I'm trying to understand the security of KDF but stuck with PBKDF case (case 3). Suppose, we have the following settings:
$KDF(SK,salt_1) \rightarrow k_1$
$KDF(SK,salt_2) \rightarrow k_2$
The adversary $A$ knows $salt_1$, $salt_2$, $k_2$ (and maybe even more derived keys $k_j$ for salts $salt_j$). His goal is to get $k_1$. Let even help him by makeing all salts closely related and haveing the same substring. Can $A$ learn $k_1$ from $salt_1$, $salt_2$, $k_2$?
In the best (and almost unrealistic) case $SK$ is random and uniformly distributed in key space $K$. In this case, we can use some PRF $F$ to derivate a key $k \leftarrow KDF(SK,salt,l):=F(SK,salt||0)||F(SK,salt||1)||...||F(SK,salt||l)$
In such case $A$ can't learn $k_1$, otherwise $F$ is not secure PRF.Slightly worse case: $SK$ is uniform in some subset of $K$. We need Extract-then-Expand KDF - so we use HKDF. At first we extract $k_{short} \leftarrow HMAC(salt, SK)$ and then expand $k_{short}$ to $k$ by using HMAC as PRF with key $k_{short}$. Again, $A$ can do nothing as long as underlying compression function in a hash is PRF and $SK$ has enough entropy.

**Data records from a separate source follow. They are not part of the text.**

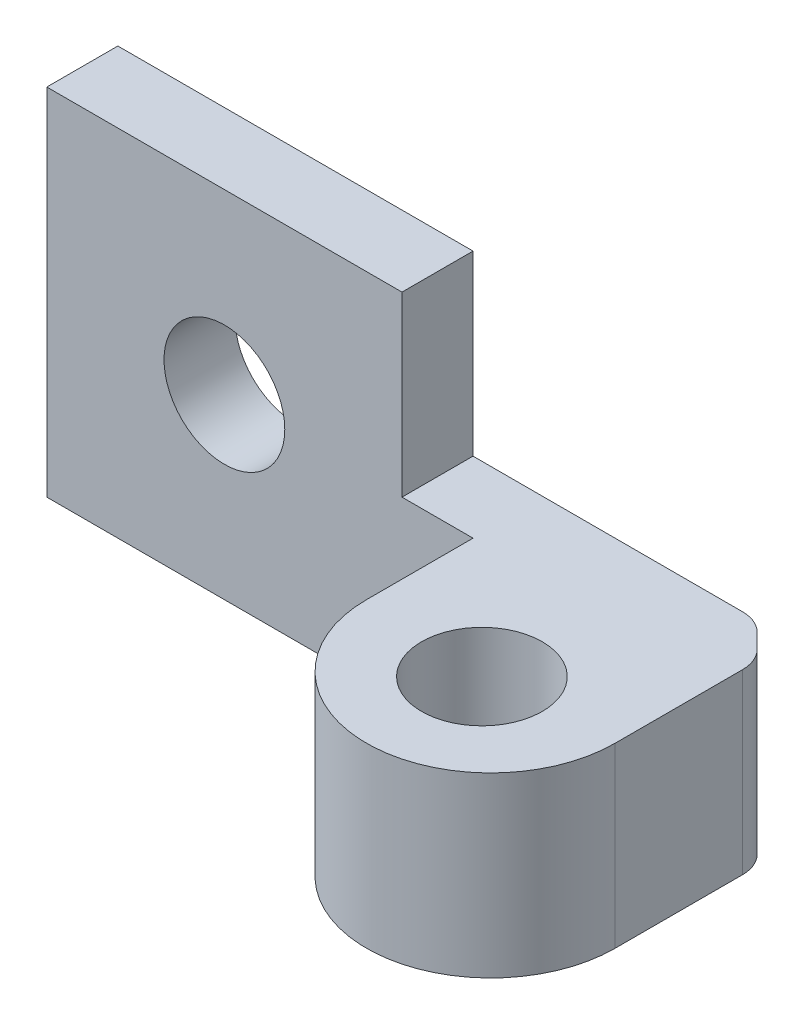
SolidWorks part; units mm, degrees
material "Acciaio in lega fuso"
ref_plane "Piano frontale" through (0, 0, 0) normal (0, 0, 1) x (1, 0, 0)
ref_plane "Piano superiore" through (0, 0, 0) normal (0, 1, 0) x (1, 0, 0)
ref_plane "Piano destro" through (0, 0, 0) normal (1, 0, 0) x (0, 0, -1)
sketch "Schizzo1" plane through (0, 0, 0) normal (0, 0, 1) x (1, 0, 0)
  line L0 (5, 5) -> (5, 0)
  line L1 (5, -5) -> (-5, -5)
  line L2 (5, 0) -> (14, 0)
  line L3 (5, 5) -> (-5, 5)
  line L4 (-5, -5) -> (-5, 5)
  line L5 (5, -5) -> (-5, 5) construction
  line L6 (5, 5) -> (-5, -5) construction
  line L7 (14, 0) -> (14, -5)
  line L8 (14, -5) -> (5, -5)
  line L9 (0, 0) -> (5, 0) construction
  point P0 (0, 0)
  dimension "D1" = 10
  dimension "D2" = 19
extrude "Estrusione-Estrusione1" add sketch "Schizzo1" along normal blind 2
sketch "Schizzo2" plane through (0, 0, 2) normal (0, 0, 1) x (1, 0, 0)
  line L0 (-5, -5) -> (14, -5) construction
  line L1 (14, 0) -> (7, 0)
  line L2 (14, 0) -> (14, -5)
  line L3 (14, -5) -> (7, -5)
  line L4 (7, 0) -> (7, -5)
  dimension "D1" = 7
extrude "Estrusione-Estrusione2" add sketch "Schizzo2" along normal blind 6.5
hole_wizard "Foro per Vite M3-1" positions "Schizzo4" profile "Schizzo3" hole size "M3" standard "Ansi Metric"
sketch "Schizzo4" plane through (0, 0, 2) normal (0, 0, 1) x (1, 0, 0)
  point P0 (0, 0)
sketch "Schizzo3" plane through (0, 0, 2) normal (1, 0, 0) x (0, -1, 0)
  line L0 (0, 0) -> (0, 3.0215)
  line L1 (0, 3.0215) -> (1.7, 2)
  line L2 (1.7, 2) -> (1.7, 0)
  line L5 (1.7, 0) -> (0, 0)
  line L10 (0, 3.0215) -> (-1.7, 2) construction
  line L11 (0, -6.35) -> (0, 107.95) construction
  dimension "Hole Dia." = 3.4
  dimension "Hole Depth" = 2
  dimension "Drill Angle" = 118
hole_wizard "Foro per Vite M3-2" positions "Schizzo6" profile "Schizzo5" hole size "M3" standard "Ansi Metric" end condition through all
sketch "Schizzo6" plane through (0, -5, 0) normal (0, -1, 0) x (-1, 0, 0)
  line L0 (-10.5, -8.5) -> (-10.5, -5.25) construction
  line L1 (-7, -8.5) -> (-14, -8.5) construction
  line L2 (-10.5, -5.25) -> (-7, -5.25) construction
  line L3 (-7, -8.5) -> (-7, -2) construction
  point P0 (-10.5, -5.25)
sketch "Schizzo5" plane through (10.5, -5, 5.25) normal (1, 0, 0) x (0, 0, -1)
  line L0 (0, 0) -> (0, 10)
  line L1 (0, 10) -> (1.7, 10)
  line L2 (1.7, 10) -> (1.7, 0)
  line L5 (1.7, 0) -> (0, 0)
  line L11 (0, -6.35) -> (0, 107.95) construction
  dimension "Thru Hole Dia." = 3.4
  dimension "Thru Hole Depth" = 10
fillet "Raccordo1" 2 edges at (7, -2.5, 8.5) (14, -2.5, 8.5) type full round first side face at (7, -1.875, 6.875) second side face at (14, -2.5, 4.25) middle face at (10.5, -2.5, 8.5)
chamfer "Smusso1" distance 1 angle 45 1 edges at (14, -2.5, 0)
fillet "Raccordo2" radius 1 2 edges at (13, -2.5, 0) (14, -2.5, 1)
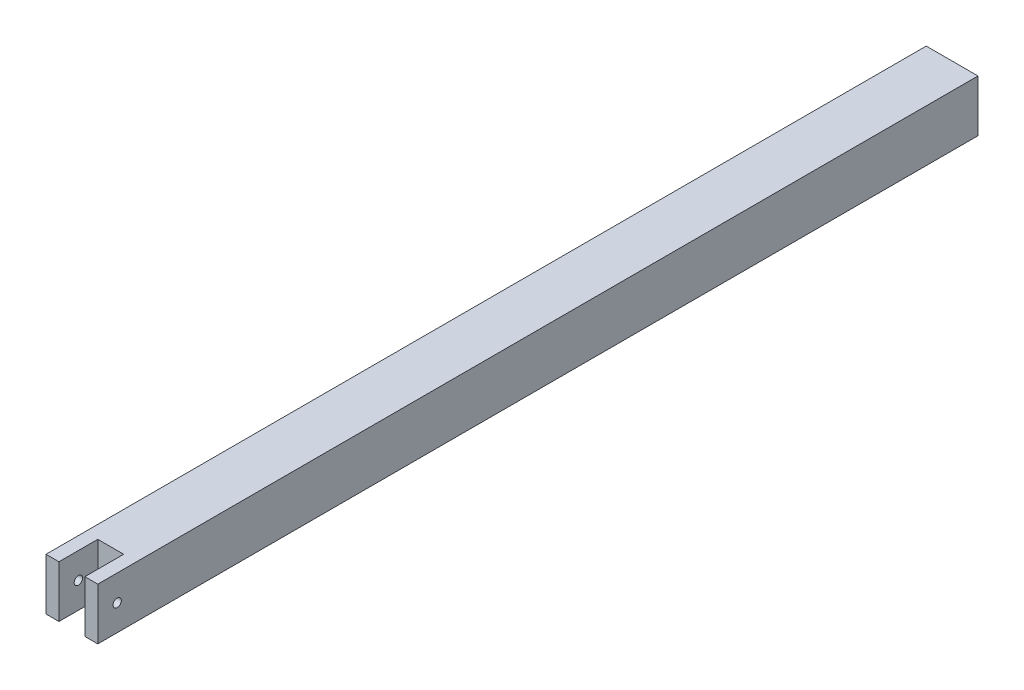
SolidWorks part; units mm, degrees
ref_plane "Front" through (0, 0, 0) normal (0, 0, 1) x (1, 0, 0)
ref_plane "Top" through (0, 0, 0) normal (0, 1, 0) x (1, 0, 0)
ref_plane "Right" through (0, 0, 0) normal (1, 0, 0) x (0, 0, -1)
sketch "Esquisse1" plane through (0, 0, 0) normal (0, 0, 1) x (1, 0, 0)
  line L1 (0, 0) -> (100, 0)
  line L2 (0, 0) -> (0, 100)
  line L3 (0, 100) -> (100, 100)
  line L4 (100, 0) -> (100, 100)
  dimension "D1" = 100
  dimension "D2" = 100
extrude "Boss.-Extru.1" add sketch "Esquisse1" along normal blind 1700
sketch "Esquisse2" plane through (0, 0, 0) normal (0, -1, 0) x (1, 0, 0)
  line L0 (0, 1700) -> (100, 1700) construction
  line L1 (25, 1700) -> (75, 1700)
  line L2 (25, 1700) -> (25, 1625)
  line L3 (25, 1625) -> (75, 1625)
  line L4 (75, 1700) -> (75, 1625)
  line L5 (50, 1625) -> (50, 1700) construction
  dimension "D1" = 50
  dimension "D2" = 75
extrude "Enlèv. mat.-Extru.1" cut sketch "Esquisse2" against normal through all
sketch "Esquisse3" plane through (100, 0, 0) normal (1, 0, 0) x (0, 0, -1)
  line L0 (-1700, 50) -> (-1662.5, 50) construction
  line L1 (-1700, 0) -> (-1700, 100) construction
  line L2 (-1662.5, 50) -> (-1625, 50) construction
  line L3 (-1625, 100) -> (-1625, 0) construction
  circle A0 centre (-1662.5, 50) radius 8
  dimension "D1" = 16
extrude "Enlèv. mat.-Extru.2" cut sketch "Esquisse3" against normal through all
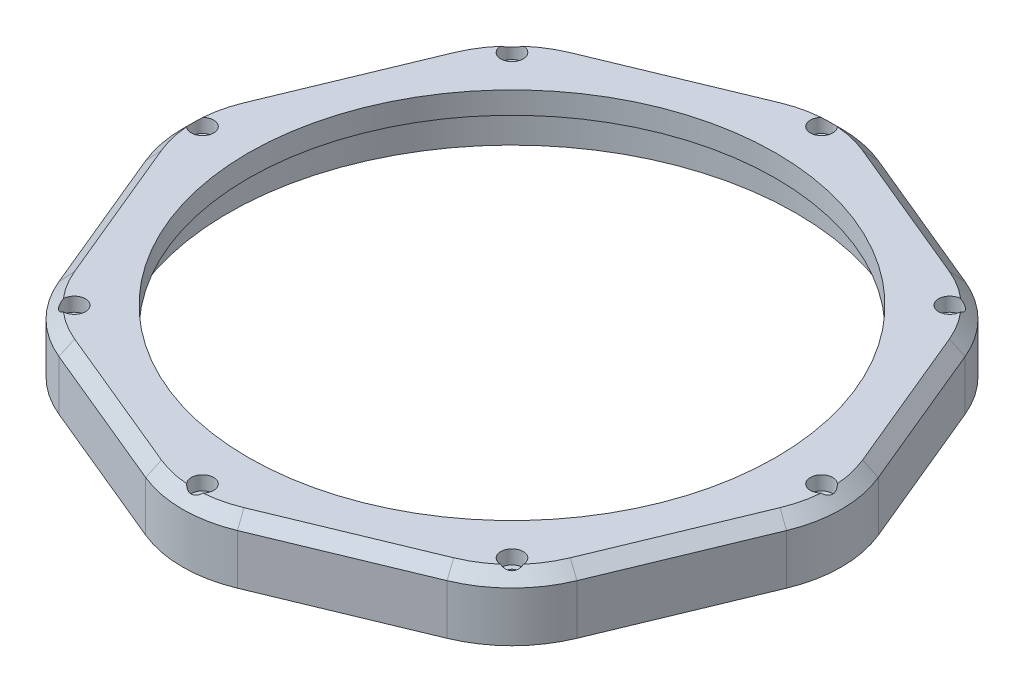
SolidWorks part; units mm, degrees
ref_plane "Front Plane" through (0, 0, 0) normal (0, 0, 1) x (1, 0, 0)
ref_plane "Top Plane" through (0, 0, 0) normal (0, 1, 0) x (1, 0, 0)
ref_plane "Right Plane" through (0, 0, 0) normal (1, 0, 0) x (0, 0, -1)
sketch "Sketch1" plane through (0, 0, 0) normal (0, 1, 0) x (1, 0, 0)
  line L0 (0, 0) -> (0, -84.9266) construction
  line L1 (80.1712, 11.4805) -> (64.8075, 48.5717)
  line L2 (48.5717, 64.8075) -> (11.4805, 80.1712)
  line L3 (-11.4805, 80.1712) -> (-48.5717, 64.8075)
  line L4 (-64.8075, 48.5717) -> (-80.1712, 11.4805)
  line L5 (-80.1712, -11.4805) -> (-64.8075, -48.5717)
  line L6 (-48.5717, -64.8075) -> (-11.4805, -80.1712)
  line L7 (11.4805, -80.1712) -> (48.5717, -64.8075)
  line L8 (64.8075, -48.5717) -> (80.1712, -11.4805)
  line L9 (0, -84.9266) -> (0, -85.3997) construction
  line L19 (-77.4548, 0) -> (-54.7688, -54.7688) construction
  line L20 (-54.7688, -54.7688) -> (0, -77.4548) construction
  line L21 (0, -77.4548) -> (54.7688, -54.7688) construction
  line L22 (54.7688, -54.7688) -> (77.4548, 0) construction
  line L23 (77.4548, 0) -> (54.7688, 54.7688) construction
  line L24 (54.7688, 54.7688) -> (0, 77.4548) construction
  line L25 (0, 77.4548) -> (-54.7688, 54.7688) construction
  line L26 (-54.7688, 54.7688) -> (-77.4548, 0) construction
  circle A0 centre (0, 0) radius 78.4619 construction
  arc A1 (-64.8075, -48.5717) -> (-48.5717, -64.8075) centre (-37.0912, -37.0912) ccw
  arc A2 (-80.1712, 11.4805) -> (-80.1712, -11.4805) centre (-52.4548, 0) ccw
  arc A3 (-48.5717, 64.8075) -> (-64.8075, 48.5717) centre (-37.0912, 37.0912) ccw
  arc A4 (11.4805, 80.1712) -> (-11.4805, 80.1712) centre (0, 52.4548) ccw
  arc A5 (64.8075, 48.5717) -> (48.5717, 64.8075) centre (37.0912, 37.0912) ccw
  arc A6 (80.1712, 11.4805) -> (80.1712, -11.4805) centre (52.4548, 0) cw
  arc A7 (48.5717, -64.8075) -> (64.8075, -48.5717) centre (37.0912, -37.0912) ccw
  arc A8 (-11.4805, -80.1712) -> (11.4805, -80.1712) centre (0, -52.4548) ccw
  circle A9 centre (0, 0) radius 71.5589 construction
  circle A21 centre (-54.7688, 54.7688) radius 1.5
  circle A22 centre (-54.7688, 54.7688) radius 2.8
  circle A23 centre (0, 77.4548) radius 1.5
  circle A24 centre (0, 77.4548) radius 2.8
  circle A25 centre (54.7688, 54.7688) radius 1.5
  circle A26 centre (54.7688, 54.7688) radius 2.8
  circle A27 centre (77.4548, 0) radius 1.5
  circle A28 centre (77.4548, 0) radius 2.8
  circle A29 centre (54.7688, -54.7688) radius 1.5
  circle A30 centre (54.7688, -54.7688) radius 2.8
  circle A31 centre (0, -77.4548) radius 1.5
  circle A32 centre (0, -77.4548) radius 2.8
  circle A33 centre (-54.7688, -54.7688) radius 1.5
  circle A34 centre (-54.7688, -54.7688) radius 2.8
  circle A35 centre (-77.4548, 0) radius 1.5
  circle A36 centre (-77.4548, 0) radius 2.8
  circle A37 centre (0, 0) radius 66
  point P15 (-84.9266, 0)
  point P18 (-60.0522, 60.0522)
  point P42 (0, -81.6794)
  point P43 (-58.3044, 58.3044)
  point P67 (0, 0)
  dimension "D2" = 30
  dimension "D4" = 5.6
  dimension "D3" = 3
  dimension "D5" = 5
  dimension "D7" = 132
  dimension "D1" = 65
  dimension "D6" = 8
extrude "Boss-Extrude1" add sketch "Sketch1" along normal blind 15.5 contours L6 A8 L7 A7 L8 A6 L1 A5 L2 A4 L3 A3 L4 A2 L5 A1 A37 A36 A34 A32 A30 A28 A26 A24 A22 | A34 A33 | A36 A35 | A22 A21 | A24 A23 | A26 A25 | A28 A27 | A30 A29 | A32 A31 region at (82.2216, 0, 0) region at (-57.4896, 0, -54.7688) region at (-2.7208, 0, -77.4548) region at (52.048, 0, -54.7688) region at (74.734, 0, 0) region at (52.048, 0, 54.7688) region at (-2.7208, 0, 77.4548) region at (-57.4896, 0, 54.7688) region at (-80.1756, 0, 0)
sketch "Sketch2" plane through (0, 0, 0) normal (0, -1, 0) x (1, 0, 0)
  circle A0 centre (0, 0) radius 71
  dimension "D1" = 142
extrude "Cut-Extrude1" cut sketch "Sketch2" against normal blind 10
chamfer "Chamfer1" distance 3 angle 45 16 edges at (-72.4894, 15.5, 30.0261) (-58.3044, 15.5, 58.3044) (-82.4548, 15.5, 0) (-30.0261, 15.5, 72.4894) (-72.4894, 15.5, -30.0261) (0, 15.5, 82.4548) (-58.3044, 15.5, -58.3044) (30.0261, 15.5, 72.4894) (-30.0261, 15.5, -72.4894) (58.3044, 15.5, 58.3044) (0, 15.5, -82.4548) (72.4894, 15.5, 30.0261) (30.0261, 15.5, -72.4894) (82.4548, 15.5, 0) (58.3044, 15.5, -58.3044) (72.4894, 15.5, -30.0261)
extrude "Cut-Extrude2" cut sketch "Sketch1<6>" against normal blind 3.5 from surface contours A34 A33 | A32 A31 | A30 A29 | A28 A27 | A26 A25 | A24 A23 | A22 A21 | A36 A35 region at (-57.4896, 0, -54.7688) region at (-2.7208, 0, -77.4548) region at (52.048, 0, -54.7688) region at (74.734, 0, 0) region at (52.048, 0, 54.7688) region at (-2.7208, 0, 77.4548) region at (-57.4896, 0, 54.7688) region at (-80.1756, 0, 0) starting at face at (0, 15.5, 0)
sketch "Sketch1<6>" plane through (0, 0, 0) normal (0, 1, 0) x (1, 0, 0) same geometry as "Sketch1"

Worst case: $SK$ is a password. Suppose it's PBKDF1 and $k \leftarrow PBKDF1(pwd,salt,c) = H^{(c)}(pwd||salt)$
On the one hand, $A$ still should learn nothing about $k_1$ if the hash is secure. On the other, I've got a feeling that he knows enough data to come up with something better than bruteforce. Am I wrong?